━━━ Records provided ━━━

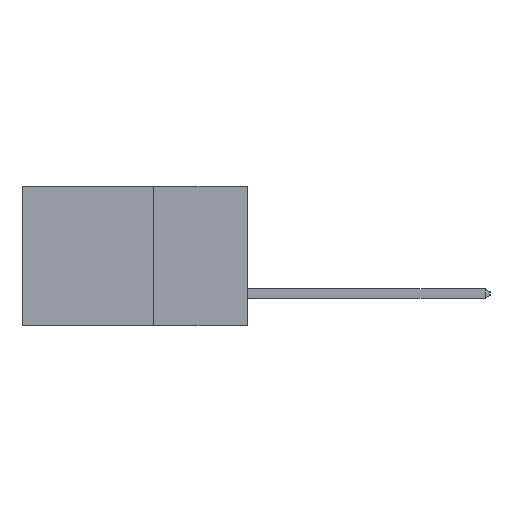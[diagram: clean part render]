
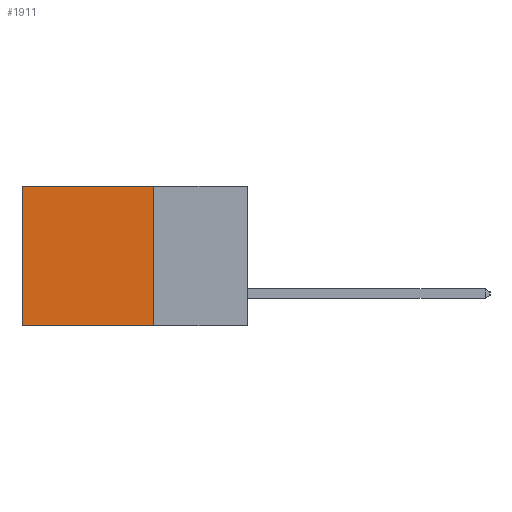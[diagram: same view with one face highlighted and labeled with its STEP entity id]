
A CAD part, left-side view. The second image highlights one B-rep face of the part: STEP entity #1911.
In plain terms, the highlighted planar face has unit normal (-1, 0, 0).
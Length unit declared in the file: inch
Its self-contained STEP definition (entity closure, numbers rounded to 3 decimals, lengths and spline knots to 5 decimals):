
#129 = ORIENTED_EDGE ( 'NONE', *, *, #3784, .F. ) ;
#250 = DIRECTION ( 'NONE',  ( 0., 0., -1. ) ) ;
#256 = DIRECTION ( 'NONE',  ( 1., 0., 0. ) ) ;
#344 = EDGE_CURVE ( 'NONE', #7870, #3571, #6581, .T. ) ;
#353 = PLANE ( 'NONE',  #5312 ) ;
#740 = VECTOR ( 'NONE', #9840, 39.37008 ) ;
#929 = CARTESIAN_POINT ( 'NONE',  ( 0.2615, 0.25, -0.37 ) ) ;
#1533 = VECTOR ( 'NONE', #6881, 39.37008 ) ;
#1911 = ADVANCED_FACE ( 'NONE', ( #2531 ), #353, .F. ) ;
#2253 = VERTEX_POINT ( 'NONE', #3465 ) ;
#2531 = FACE_OUTER_BOUND ( 'NONE', #9230, .T. ) ;
#2596 = VECTOR ( 'NONE', #3020, 39.37008 ) ;
#2605 = ORIENTED_EDGE ( 'NONE', *, *, #344, .F. ) ;
#3020 = DIRECTION ( 'NONE',  ( 0., 0., -1. ) ) ;
#3199 = LINE ( 'NONE', #10462, #2596 ) ;
#3465 = CARTESIAN_POINT ( 'NONE',  ( 0.2615, 0.6, -0.37 ) ) ;
#3571 = VERTEX_POINT ( 'NONE', #9348 ) ;
#3712 = CARTESIAN_POINT ( 'NONE',  ( 0.2615, 0.25, 0. ) ) ;
#3784 = EDGE_CURVE ( 'NONE', #3571, #2253, #5766, .T. ) ;
#5019 = EDGE_CURVE ( 'NONE', #7870, #10064, #7178, .T. ) ;
#5197 = EDGE_CURVE ( 'NONE', #10064, #2253, #3199, .T. ) ;
#5312 = AXIS2_PLACEMENT_3D ( 'NONE', #929, #256, #250 ) ;
#5766 = LINE ( 'NONE', #9852, #740 ) ;
#6458 = CARTESIAN_POINT ( 'NONE',  ( 0.2615, 0.25, -0.37 ) ) ;
#6581 = LINE ( 'NONE', #6458, #1533 ) ;
#6881 = DIRECTION ( 'NONE',  ( 0., 0., -1. ) ) ;
#7027 = CARTESIAN_POINT ( 'NONE',  ( 0.2615, 0.6, 0. ) ) ;
#7178 = LINE ( 'NONE', #8424, #11709 ) ;
#7870 = VERTEX_POINT ( 'NONE', #3712 ) ;
#8424 = CARTESIAN_POINT ( 'NONE',  ( 0.2615, 0.25, 0. ) ) ;
#9230 = EDGE_LOOP ( 'NONE', ( #11899, #129, #2605, #9420 ) ) ;
#9328 = DIRECTION ( 'NONE',  ( 0., 1., 0. ) ) ;
#9348 = CARTESIAN_POINT ( 'NONE',  ( 0.2615, 0.25, -0.37 ) ) ;
#9420 = ORIENTED_EDGE ( 'NONE', *, *, #5019, .T. ) ;
#9840 = DIRECTION ( 'NONE',  ( 0., 1., 0. ) ) ;
#9852 = CARTESIAN_POINT ( 'NONE',  ( 0.2615, 0.25, -0.37 ) ) ;
#10064 = VERTEX_POINT ( 'NONE', #7027 ) ;
#10462 = CARTESIAN_POINT ( 'NONE',  ( 0.2615, 0.6, -0.37 ) ) ;
#11709 = VECTOR ( 'NONE', #9328, 39.37008 ) ;
#11899 = ORIENTED_EDGE ( 'NONE', *, *, #5197, .T. ) ;

━━━

▶ _Task description_
Using the records above, pull out each line where the word "DIRECTION" occurs.

▶ _Answer to the problem_
#250 = DIRECTION ( 'NONE',  ( 0., 0., -1. ) ) ;
#256 = DIRECTION ( 'NONE',  ( 1., 0., 0. ) ) ;
#3020 = DIRECTION ( 'NONE',  ( 0., 0., -1. ) ) ;
#6881 = DIRECTION ( 'NONE',  ( 0., 0., -1. ) ) ;
#9328 = DIRECTION ( 'NONE',  ( 0., 1., 0. ) ) ;
#9840 = DIRECTION ( 'NONE',  ( 0., 1., 0. ) ) ;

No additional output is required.